Journal of Risk Model Validation
ISSN:
1753-9579 (print)
1753-9587 (online)
Editor-in-chief: Steve Satchell
Volume 18, Number 2 (June 2024)
Editor's Letter
Steve Satchell
Trinity College, University of Cambridge
Machine learning has recently come to dominate the world of research and it is therefore not a shock to find that two of the four papers in this issue of The Journal of Risk Model Validation are about machine learning challenges in risk validation.
The issue’s first paper is “The impact of deterioration in rating-model discriminatory power on expected losses” by Siyi Zhou and Gary van Vuuren. The authors discuss methodologies for estimating the impact on a portfolio’s expected credit loss caused by potential model risks in underwriting, such as those arising from scoring models (for retail banking) and rating models (for wholesale banking). They focus on a particular metric: namely, the impact on expected credit losses when the Gini coefficient weakens. Their approach is analytical, and under fairly simple assumptions they are able to derive tractable and computable results, albeit at the cost of granularity.
The second paper in the issue, “Forecasting India’s foreign trade dynamics: evaluation of alternative forecasting models in the post-pandemic period”, addresses concerns that the journal has not previously looked at. However, the evaluation of a set of competing models falls under the broad subject of model validation, and the models in question are to do with forecasting foreign trade growth in India. A. Mansurali, Sarbjit Singh Oberoi, P. Mary Jeyanthi and Sayan Banerjee look at various forecasting models and identify the best model for forecasting India’s trade value. I would add that the notion of a best model is dependent upon the utility function of the model evaluator, and two sensible people with different utilities could come to different conclusions as a consequence.
“Analyzing credit risk model problems through natural language processing-based clustering and machine learning: insights from validation reports” by Szymon Lis, Mariusz Kubkowski, Olimpia Borkowska, Dobromił Serwa and Jarosław Kurpanik, the third paper in the issue, is a most welcome collision between validation analysis and machine learning, and it may well be a precursor to a much larger future literature on this topic.
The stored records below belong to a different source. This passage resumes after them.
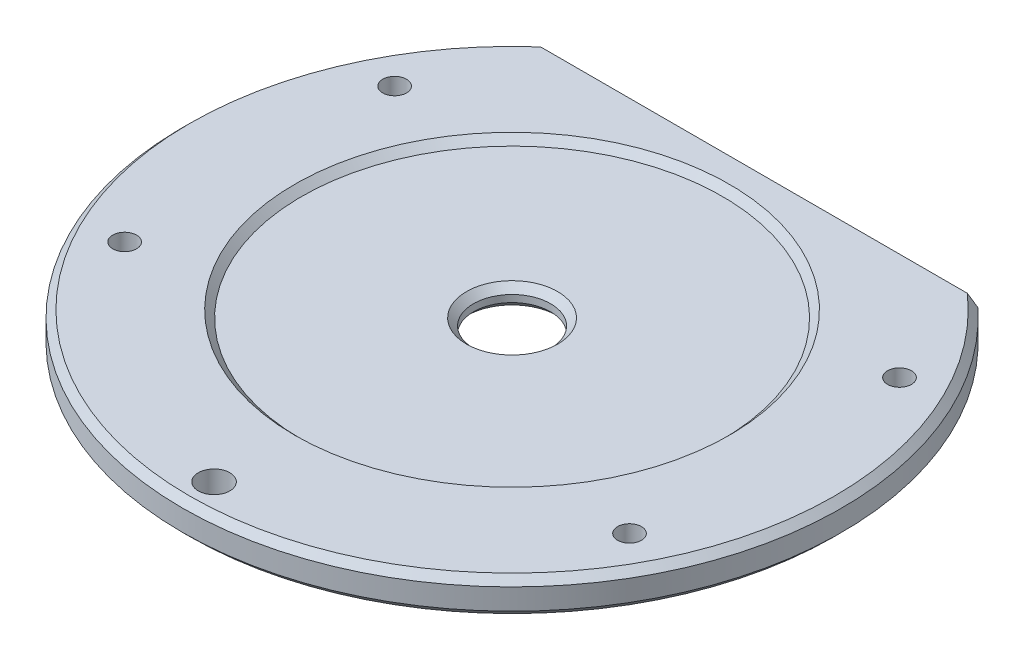
ISO-10303-21;
HEADER;
FILE_DESCRIPTION(('STEP AP214'),'2;1');
FILE_NAME('part.step','',(''),(''),'','','');
FILE_SCHEMA(('AUTOMOTIVE_DESIGN { 1 0 10303 214 1 1 1 1 }'));
ENDSEC;
DATA;
#1=APPLICATION_CONTEXT('core data for automotive mechanical design processes');
#2=APPLICATION_PROTOCOL_DEFINITION('international standard','automotive_design',2000,#1);
#3=PRODUCT_CONTEXT('',#1,'mechanical');
#4=PRODUCT('Part','Part','',(#3));
#5=PRODUCT_RELATED_PRODUCT_CATEGORY('part','',(#4));
#6=PRODUCT_DEFINITION_FORMATION('','',#4);
#7=PRODUCT_DEFINITION_CONTEXT('part definition',#1,'design');
#8=PRODUCT_DEFINITION('design','',#6,#7);
#9=PRODUCT_DEFINITION_SHAPE('','',#8);
#10=(LENGTH_UNIT() NAMED_UNIT(*) SI_UNIT(.MILLI.,.METRE.));
#11=(NAMED_UNIT(*) PLANE_ANGLE_UNIT() SI_UNIT($,.RADIAN.));
#12=(NAMED_UNIT(*) SI_UNIT($,.STERADIAN.) SOLID_ANGLE_UNIT());
#13=UNCERTAINTY_MEASURE_WITH_UNIT(LENGTH_MEASURE(1.E-05),#10,'distance_accuracy_value','');
#14=(GEOMETRIC_REPRESENTATION_CONTEXT(3) GLOBAL_UNCERTAINTY_ASSIGNED_CONTEXT((#13)) GLOBAL_UNIT_ASSIGNED_CONTEXT((#10,
#11,#12)) REPRESENTATION_CONTEXT('',''));
#15=CARTESIAN_POINT('',(0.,0.,0.));
#16=DIRECTION('',(0.,0.,1.));
#17=DIRECTION('',(1.,0.,0.));
#18=AXIS2_PLACEMENT_3D('',#15,#16,#17);
#19=CARTESIAN_POINT('',(0.,-5.,0.));
#20=DIRECTION('',(0.,1.,0.));
#21=DIRECTION('',(0.,0.,1.));
#22=AXIS2_PLACEMENT_3D('',#19,#20,#21);
#23=CYLINDRICAL_SURFACE('',#22,11.);
#24=CARTESIAN_POINT('',(0.,0.999999999999969,0.));
#25=DIRECTION('',(0.,1.,0.));
#26=DIRECTION('',(0.,0.,1.));
#27=AXIS2_PLACEMENT_3D('',#24,#25,#26);
#28=CIRCLE('',#27,11.);
#29=CARTESIAN_POINT('',(0.,0.999999999999969,11.));
#30=VERTEX_POINT('',#29);
#31=EDGE_CURVE('E138',#30,#30,#28,.T.);
#32=ORIENTED_EDGE('',*,*,#31,.T.);
#33=EDGE_LOOP('',(#32));
#34=FACE_BOUND('',#33,.T.);
#35=CARTESIAN_POINT('',(0.,-0.999999999999969,0.));
#36=DIRECTION('',(0.,-1.,0.));
#37=DIRECTION('',(0.,0.,-1.));
#38=AXIS2_PLACEMENT_3D('',#35,#36,#37);
#39=CIRCLE('',#38,11.);
#40=CARTESIAN_POINT('',(0.,-0.999999999999969,-11.));
#41=VERTEX_POINT('',#40);
#42=EDGE_CURVE('E141',#41,#41,#39,.T.);
#43=ORIENTED_EDGE('',*,*,#42,.T.);
#44=EDGE_LOOP('',(#43));
#45=FACE_BOUND('',#44,.T.);
#46=ADVANCED_FACE('F34',(#34,#45),#23,.F.);
#47=CARTESIAN_POINT('',(0.,-5.,0.));
#48=DIRECTION('',(0.,1.,0.));
#49=DIRECTION('',(0.,0.,1.));
#50=AXIS2_PLACEMENT_3D('',#47,#48,#49);
#51=PLANE('',#50);
#52=CARTESIAN_POINT('',(0.,-5.,0.));
#53=DIRECTION('',(0.,1.,0.));
#54=DIRECTION('',(0.,0.,1.));
#55=AXIS2_PLACEMENT_3D('',#52,#53,#54);
#56=CIRCLE('',#55,62.);
#57=CARTESIAN_POINT('',(0.,-5.,62.));
#58=VERTEX_POINT('',#57);
#59=EDGE_CURVE('E85',#58,#58,#56,.T.);
#60=ORIENTED_EDGE('',*,*,#59,.T.);
#61=EDGE_LOOP('',(#60));
#62=FACE_BOUND('',#61,.T.);
#63=CARTESIAN_POINT('',(0.,-5.,85.));
#64=DIRECTION('',(0.,1.,0.));
#65=DIRECTION('',(0.,0.,1.));
#66=AXIS2_PLACEMENT_3D('',#63,#64,#65);
#67=CIRCLE('',#66,4.5);
#68=CARTESIAN_POINT('',(0.,-5.,89.5));
#69=VERTEX_POINT('',#68);
#70=EDGE_CURVE('E181',#69,#69,#67,.T.);
#71=ORIENTED_EDGE('',*,*,#70,.T.);
#72=EDGE_LOOP('',(#71));
#73=FACE_BOUND('',#72,.T.);
#74=CARTESIAN_POINT('',(-72.,-5.,-38.5));
#75=DIRECTION('',(0.,1.,0.));
#76=DIRECTION('',(0.,0.,1.));
#77=AXIS2_PLACEMENT_3D('',#74,#75,#76);
#78=CIRCLE('',#77,3.4);
#79=CARTESIAN_POINT('',(-72.,-5.,-35.1));
#80=VERTEX_POINT('',#79);
#81=EDGE_CURVE('E175',#80,#80,#78,.T.);
#82=ORIENTED_EDGE('',*,*,#81,.T.);
#83=EDGE_LOOP('',(#82));
#84=FACE_BOUND('',#83,.T.);
#85=CARTESIAN_POINT('',(72.,-5.,-38.5));
#86=DIRECTION('',(0.,1.,0.));
#87=DIRECTION('',(0.,0.,1.));
#88=AXIS2_PLACEMENT_3D('',#85,#86,#87);
#89=CIRCLE('',#88,3.4);
#90=CARTESIAN_POINT('',(72.,-5.,-35.1));
#91=VERTEX_POINT('',#90);
#92=EDGE_CURVE('E169',#91,#91,#89,.T.);
#93=ORIENTED_EDGE('',*,*,#92,.T.);
#94=EDGE_LOOP('',(#93));
#95=FACE_BOUND('',#94,.T.);
#96=CARTESIAN_POINT('',(-72.,-5.,38.5));
#97=DIRECTION('',(0.,1.,0.));
#98=DIRECTION('',(0.,0.,1.));
#99=AXIS2_PLACEMENT_3D('',#96,#97,#98);
#100=CIRCLE('',#99,3.4);
#101=CARTESIAN_POINT('',(-72.,-5.,41.9));
#102=VERTEX_POINT('',#101);
#103=EDGE_CURVE('E163',#102,#102,#100,.T.);
#104=ORIENTED_EDGE('',*,*,#103,.T.);
#105=EDGE_LOOP('',(#104));
#106=FACE_BOUND('',#105,.T.);
#107=CARTESIAN_POINT('',(72.,-5.,38.5));
#108=DIRECTION('',(0.,1.,0.));
#109=DIRECTION('',(0.,0.,1.));
#110=AXIS2_PLACEMENT_3D('',#107,#108,#109);
#111=CIRCLE('',#110,3.4);
#112=CARTESIAN_POINT('',(72.,-5.,41.9));
#113=VERTEX_POINT('',#112);
#114=EDGE_CURVE('E157',#113,#113,#111,.T.);
#115=ORIENTED_EDGE('',*,*,#114,.T.);
#116=EDGE_LOOP('',(#115));
#117=FACE_BOUND('',#116,.T.);
#118=DIRECTION('',(1.,0.,0.));
#119=VECTOR('',#118,1.);
#120=CARTESIAN_POINT('',(0.,-5.,-69.));
#121=LINE('',#120,#119);
#122=CARTESIAN_POINT('',(-60.8522801544856,-5.,-69.));
#123=VERTEX_POINT('',#122);
#124=CARTESIAN_POINT('',(60.8522801544856,-5.,-69.));
#125=VERTEX_POINT('',#124);
#126=EDGE_CURVE('E83',#123,#125,#121,.T.);
#127=ORIENTED_EDGE('',*,*,#126,.T.);
#128=CARTESIAN_POINT('',(0.,-5.,0.));
#129=DIRECTION('',(0.,1.,0.));
#130=DIRECTION('',(0.,0.,1.));
#131=AXIS2_PLACEMENT_3D('',#128,#129,#130);
#132=CIRCLE('',#131,92.);
#133=EDGE_CURVE('E80',#125,#123,#132,.F.);
#134=ORIENTED_EDGE('',*,*,#133,.T.);
#135=EDGE_LOOP('',(#127,#134));
#136=FACE_BOUND('',#135,.T.);
#137=ADVANCED_FACE('F82',(#62,#73,#84,#95,#106,#117,#136),#51,.F.);
#138=CARTESIAN_POINT('',(0.,5.,0.));
#139=DIRECTION('',(0.,-1.,0.));
#140=DIRECTION('',(0.,0.,-1.));
#141=AXIS2_PLACEMENT_3D('',#138,#139,#140);
#142=CYLINDRICAL_SURFACE('',#141,94.);
#143=DIRECTION('',(0.,-1.,0.));
#144=VECTOR('',#143,1.);
#145=CARTESIAN_POINT('',(-63.8357266740185,5.,-69.));
#146=LINE('',#145,#144);
#147=CARTESIAN_POINT('',(-63.8357266740185,2.99999999999994,-69.));
#148=VERTEX_POINT('',#147);
#149=CARTESIAN_POINT('',(-63.8357266740185,-3.00000000000001,-69.));
#150=VERTEX_POINT('',#149);
#151=EDGE_CURVE('E92',#148,#150,#146,.T.);
#152=ORIENTED_EDGE('',*,*,#151,.T.);
#153=CARTESIAN_POINT('',(0.,-3.00000000000001,0.));
#154=DIRECTION('',(0.,1.,0.));
#155=DIRECTION('',(0.,0.,1.));
#156=AXIS2_PLACEMENT_3D('',#153,#154,#155);
#157=CIRCLE('',#156,94.);
#158=CARTESIAN_POINT('',(63.8357266740185,-3.00000000000001,-69.));
#159=VERTEX_POINT('',#158);
#160=EDGE_CURVE('E95',#150,#159,#157,.T.);
#161=ORIENTED_EDGE('',*,*,#160,.T.);
#162=DIRECTION('',(0.,-1.,0.));
#163=VECTOR('',#162,1.);
#164=CARTESIAN_POINT('',(63.8357266740185,5.,-69.));
#165=LINE('',#164,#163);
#166=CARTESIAN_POINT('',(63.8357266740185,2.99999999999994,-69.));
#167=VERTEX_POINT('',#166);
#168=EDGE_CURVE('E147',#159,#167,#165,.F.);
#169=ORIENTED_EDGE('',*,*,#168,.T.);
#170=CARTESIAN_POINT('',(0.,2.99999999999994,0.));
#171=DIRECTION('',(0.,1.,0.));
#172=DIRECTION('',(0.,0.,1.));
#173=AXIS2_PLACEMENT_3D('',#170,#171,#172);
#174=CIRCLE('',#173,94.);
#175=EDGE_CURVE('E126',#167,#148,#174,.F.);
#176=ORIENTED_EDGE('',*,*,#175,.T.);
#177=EDGE_LOOP('',(#152,#161,#169,#176));
#178=FACE_BOUND('',#177,.T.);
#179=ADVANCED_FACE('F200',(#178),#142,.T.);
#180=CARTESIAN_POINT('',(0.,5.,0.));
#181=DIRECTION('',(0.,1.,0.));
#182=DIRECTION('',(0.,0.,1.));
#183=AXIS2_PLACEMENT_3D('',#180,#181,#182);
#184=PLANE('',#183);
#185=CARTESIAN_POINT('',(0.,5.,0.));
#186=DIRECTION('',(0.,1.,0.));
#187=DIRECTION('',(0.,0.,1.));
#188=AXIS2_PLACEMENT_3D('',#185,#186,#187);
#189=CIRCLE('',#188,62.);
#190=CARTESIAN_POINT('',(0.,5.,62.));
#191=VERTEX_POINT('',#190);
#192=EDGE_CURVE('E128',#191,#191,#189,.F.);
#193=ORIENTED_EDGE('',*,*,#192,.T.);
#194=EDGE_LOOP('',(#193));
#195=FACE_BOUND('',#194,.T.);
#196=CARTESIAN_POINT('',(0.,5.,85.));
#197=DIRECTION('',(0.,1.,0.));
#198=DIRECTION('',(0.,0.,1.));
#199=AXIS2_PLACEMENT_3D('',#196,#197,#198);
#200=CIRCLE('',#199,4.5);
#201=CARTESIAN_POINT('',(0.,5.,89.5));
#202=VERTEX_POINT('',#201);
#203=EDGE_CURVE('E182',#202,#202,#200,.T.);
#204=ORIENTED_EDGE('',*,*,#203,.F.);
#205=EDGE_LOOP('',(#204));
#206=FACE_BOUND('',#205,.T.);
#207=CARTESIAN_POINT('',(-72.,5.,-38.5));
#208=DIRECTION('',(0.,1.,0.));
#209=DIRECTION('',(0.,0.,1.));
#210=AXIS2_PLACEMENT_3D('',#207,#208,#209);
#211=CIRCLE('',#210,3.4);
#212=CARTESIAN_POINT('',(-72.,5.,-35.1));
#213=VERTEX_POINT('',#212);
#214=EDGE_CURVE('E178',#213,#213,#211,.T.);
#215=ORIENTED_EDGE('',*,*,#214,.F.);
#216=EDGE_LOOP('',(#215));
#217=FACE_BOUND('',#216,.T.);
#218=CARTESIAN_POINT('',(72.,5.,-38.5));
#219=DIRECTION('',(0.,1.,0.));
#220=DIRECTION('',(0.,0.,1.));
#221=AXIS2_PLACEMENT_3D('',#218,#219,#220);
#222=CIRCLE('',#221,3.4);
#223=CARTESIAN_POINT('',(72.,5.,-35.1));
#224=VERTEX_POINT('',#223);
#225=EDGE_CURVE('E172',#224,#224,#222,.T.);
#226=ORIENTED_EDGE('',*,*,#225,.F.);
#227=EDGE_LOOP('',(#226));
#228=FACE_BOUND('',#227,.T.);
#229=CARTESIAN_POINT('',(-72.,5.,38.5));
#230=DIRECTION('',(0.,1.,0.));
#231=DIRECTION('',(0.,0.,1.));
#232=AXIS2_PLACEMENT_3D('',#229,#230,#231);
#233=CIRCLE('',#232,3.4);
#234=CARTESIAN_POINT('',(-72.,5.,41.9));
#235=VERTEX_POINT('',#234);
#236=EDGE_CURVE('E166',#235,#235,#233,.T.);
#237=ORIENTED_EDGE('',*,*,#236,.F.);
#238=EDGE_LOOP('',(#237));
#239=FACE_BOUND('',#238,.T.);
#240=CARTESIAN_POINT('',(72.,5.,38.5));
#241=DIRECTION('',(0.,1.,0.));
#242=DIRECTION('',(0.,0.,1.));
#243=AXIS2_PLACEMENT_3D('',#240,#241,#242);
#244=CIRCLE('',#243,3.4);
#245=CARTESIAN_POINT('',(72.,5.,41.9));
#246=VERTEX_POINT('',#245);
#247=EDGE_CURVE('E160',#246,#246,#244,.T.);
#248=ORIENTED_EDGE('',*,*,#247,.F.);
#249=EDGE_LOOP('',(#248));
#250=FACE_BOUND('',#249,.T.);
#251=DIRECTION('',(1.,0.,0.));
#252=VECTOR('',#251,1.);
#253=CARTESIAN_POINT('',(-96.2922374429224,5.,-69.));
#254=LINE('',#253,#252);
#255=CARTESIAN_POINT('',(-60.8522801544856,5.,-69.));
#256=VERTEX_POINT('',#255);
#257=CARTESIAN_POINT('',(60.8522801544856,5.,-69.));
#258=VERTEX_POINT('',#257);
#259=EDGE_CURVE('E149',#256,#258,#254,.T.);
#260=ORIENTED_EDGE('',*,*,#259,.F.);
#261=CARTESIAN_POINT('',(0.,5.,0.));
#262=DIRECTION('',(0.,1.,0.));
#263=DIRECTION('',(0.,0.,1.));
#264=AXIS2_PLACEMENT_3D('',#261,#262,#263);
#265=CIRCLE('',#264,92.);
#266=EDGE_CURVE('E131',#256,#258,#265,.T.);
#267=ORIENTED_EDGE('',*,*,#266,.T.);
#268=EDGE_LOOP('',(#260,#267));
#269=FACE_BOUND('',#268,.T.);
#270=ADVANCED_FACE('F114',(#195,#206,#217,#228,#239,#250,#269),#184,.T.);
#271=CARTESIAN_POINT('',(-96.2922374429224,-5.,-69.));
#272=DIRECTION('',(0.,0.,1.));
#273=DIRECTION('',(1.,0.,0.));
#274=AXIS2_PLACEMENT_3D('',#271,#272,#273);
#275=PLANE('',#274);
#276=ORIENTED_EDGE('',*,*,#168,.F.);
#277=CARTESIAN_POINT('',(63.8357266740185,-3.00000000000001,-69.));
#278=CARTESIAN_POINT('',(63.588108661684,-3.16815814706882,-69.));
#279=CARTESIAN_POINT('',(63.3402456768234,-3.33595567307789,-69.));
#280=CARTESIAN_POINT('',(62.8440231824841,-3.67080993712542,-69.));
#281=CARTESIAN_POINT('',(62.5956636776362,-3.8378666820264,-69.));
#282=CARTESIAN_POINT('',(62.0984368913299,-4.17122301130456,-69.));
#283=CARTESIAN_POINT('',(61.8495696097177,-4.33752259545236,-69.));
#284=CARTESIAN_POINT('',(61.3513159270398,-4.66934726982986,-69.));
#285=CARTESIAN_POINT('',(61.1019295211762,-4.83487235285525,-69.));
#286=CARTESIAN_POINT('',(60.8522801544856,-5.,-69.));
#287=B_SPLINE_CURVE_WITH_KNOTS('',3,(#277,#278,#279,#280,#281,#282,#283,#284,#285,#286),
.UNSPECIFIED.,.F.,.F.,(4,2,2,2,4),(0.,0.897956663475132,1.79590499091896,2.69385359038765,
3.59181052593058),.UNSPECIFIED.);
#288=EDGE_CURVE('E11',#159,#125,#287,.T.);
#289=ORIENTED_EDGE('',*,*,#288,.T.);
#290=ORIENTED_EDGE('',*,*,#126,.F.);
#291=CARTESIAN_POINT('',(-60.8522801544856,-5.,-69.));
#292=CARTESIAN_POINT('',(-61.1019295211762,-4.83487235285524,-69.));
#293=CARTESIAN_POINT('',(-61.3513159270397,-4.66934726982984,-69.));
#294=CARTESIAN_POINT('',(-61.8495696097177,-4.33752259545235,-69.));
#295=CARTESIAN_POINT('',(-62.0984368913299,-4.17122301130456,-69.));
#296=CARTESIAN_POINT('',(-62.5956636776362,-3.83786668202639,-69.));
#297=CARTESIAN_POINT('',(-62.8440231824841,-3.6708099371254,-69.));
#298=CARTESIAN_POINT('',(-63.3402456768234,-3.33595567307786,-69.));
#299=CARTESIAN_POINT('',(-63.588108661684,-3.1681581470688,-69.));
#300=CARTESIAN_POINT('',(-63.8357266740186,-3.00000000000001,-69.));
#301=B_SPLINE_CURVE_WITH_KNOTS('',3,(#291,#292,#293,#294,#295,#296,#297,#298,#299,#300),
.UNSPECIFIED.,.F.,.F.,(4,2,2,2,4),(0.,0.897956935542931,1.79590553501163,2.69385386245547,
3.59181052593059),.UNSPECIFIED.);
#302=EDGE_CURVE('E48',#123,#150,#301,.T.);
#303=ORIENTED_EDGE('',*,*,#302,.T.);
#304=ORIENTED_EDGE('',*,*,#151,.F.);
#305=CARTESIAN_POINT('',(-63.8357266740185,2.99999999999994,-69.));
#306=CARTESIAN_POINT('',(-63.588108661684,3.16815814706874,-69.));
#307=CARTESIAN_POINT('',(-63.3402456768234,3.33595567307782,-69.));
#308=CARTESIAN_POINT('',(-62.8440231824841,3.67080993712536,-69.));
#309=CARTESIAN_POINT('',(-62.5956636776362,3.83786668202636,-69.));
#310=CARTESIAN_POINT('',(-62.0984368913298,4.17122301130454,-69.));
#311=CARTESIAN_POINT('',(-61.8495696097176,4.33752259545233,-69.));
#312=CARTESIAN_POINT('',(-61.3513159270397,4.66934726982984,-69.));
#313=CARTESIAN_POINT('',(-61.1019295211762,4.83487235285524,-69.));
#314=CARTESIAN_POINT('',(-60.8522801544856,5.00000000000002,-69.));
#315=B_SPLINE_CURVE_WITH_KNOTS('',3,(#305,#306,#307,#308,#309,#310,#311,#312,#313,#314),
.UNSPECIFIED.,.F.,.F.,(4,2,2,2,4),(0.,0.897956663475147,1.795904990919,2.69385359038772,
3.59181052593067),.UNSPECIFIED.);
#316=EDGE_CURVE('E96',#148,#256,#315,.T.);
#317=ORIENTED_EDGE('',*,*,#316,.T.);
#318=ORIENTED_EDGE('',*,*,#259,.T.);
#319=CARTESIAN_POINT('',(60.8522801544856,5.,-69.));
#320=CARTESIAN_POINT('',(61.1019295211762,4.83487235285524,-69.));
#321=CARTESIAN_POINT('',(61.3513159270397,4.66934726982984,-69.));
#322=CARTESIAN_POINT('',(61.8495696097176,4.33752259545233,-69.));
#323=CARTESIAN_POINT('',(62.0984368913298,4.17122301130454,-69.));
#324=CARTESIAN_POINT('',(62.5956636776362,3.83786668202636,-69.));
#325=CARTESIAN_POINT('',(62.8440231824841,3.67080993712538,-69.));
#326=CARTESIAN_POINT('',(63.3402456768234,3.33595567307784,-69.));
#327=CARTESIAN_POINT('',(63.588108661684,3.16815814706876,-69.));
#328=CARTESIAN_POINT('',(63.8357266740185,2.99999999999995,-69.));
#329=B_SPLINE_CURVE_WITH_KNOTS('',3,(#319,#320,#321,#322,#323,#324,#325,#326,#327,#328),
.UNSPECIFIED.,.F.,.F.,(4,2,2,2,4),(0.,0.897956935542949,1.79590553501166,2.6938538624555,
3.59181052593066),.UNSPECIFIED.);
#330=EDGE_CURVE('E55',#258,#167,#329,.T.);
#331=ORIENTED_EDGE('',*,*,#330,.T.);
#332=EDGE_LOOP('',(#276,#289,#290,#303,#304,#317,#318,#331));
#333=FACE_BOUND('',#332,.T.);
#334=ADVANCED_FACE('F88',(#333),#275,.F.);
#335=CARTESIAN_POINT('',(0.,3.,0.));
#336=DIRECTION('',(0.,1.,0.));
#337=DIRECTION('',(0.,0.,1.));
#338=AXIS2_PLACEMENT_3D('',#335,#336,#337);
#339=PLANE('',#338);
#340=CARTESIAN_POINT('',(0.,3.,0.));
#341=DIRECTION('',(0.,1.,0.));
#342=DIRECTION('',(0.,0.,1.));
#343=AXIS2_PLACEMENT_3D('',#340,#341,#342);
#344=CIRCLE('',#343,13.);
#345=CARTESIAN_POINT('',(0.,3.,13.));
#346=VERTEX_POINT('',#345);
#347=EDGE_CURVE('E91',#346,#346,#344,.F.);
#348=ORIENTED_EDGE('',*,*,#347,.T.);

Our final paper is also about machine learning. In “Machine learning prediction of loss given default in government-sponsored enterprise residential mortgages”, Zilong Liu and Hongyan Liang evaluate the predictive capabilities of a set of machine learning models for loss given default. Interestingly, the authors found that loanspecific details and broader economic indicators were both relevant in loss given default estimation, and that different algorithms worked better for different sectors; fintech and banking showed different patterns of loss given default, requiring different approaches. This might not seem surprising to an economist, but it is nevertheless pleasing to find these features embedded in the data.
Papers in this issue
The impact of deterioration in rating-model discriminatory power on expected losses
The authors propose a means to estimate the effects on a portfolio’s expected credit loss created by underwriting model risks.
Forecasting India’s foreign trade dynamics: evaluation of alternative forecasting models in the post-pandemic period
The authors aim to determine how India's foreign trade will change following Covid-19 and the Russia-Ukraine conflict, comparing several forecasting models and identifying that which performs best.
Analyzing credit risk model problems through natural language processing-based clustering and machine learning: insights from validation reports
The authors use clustering and machine learning techniques to analyze validation reports, providing insights to the development, implementation and maintenance of credit risk models.
Machine learning prediction of loss given default in government-sponsored enterprise residential mortgages
The authors apply machine learning techniques to Loss Given Default estimation, identifying key variables in LGD prediction and evaluating the performance of various models.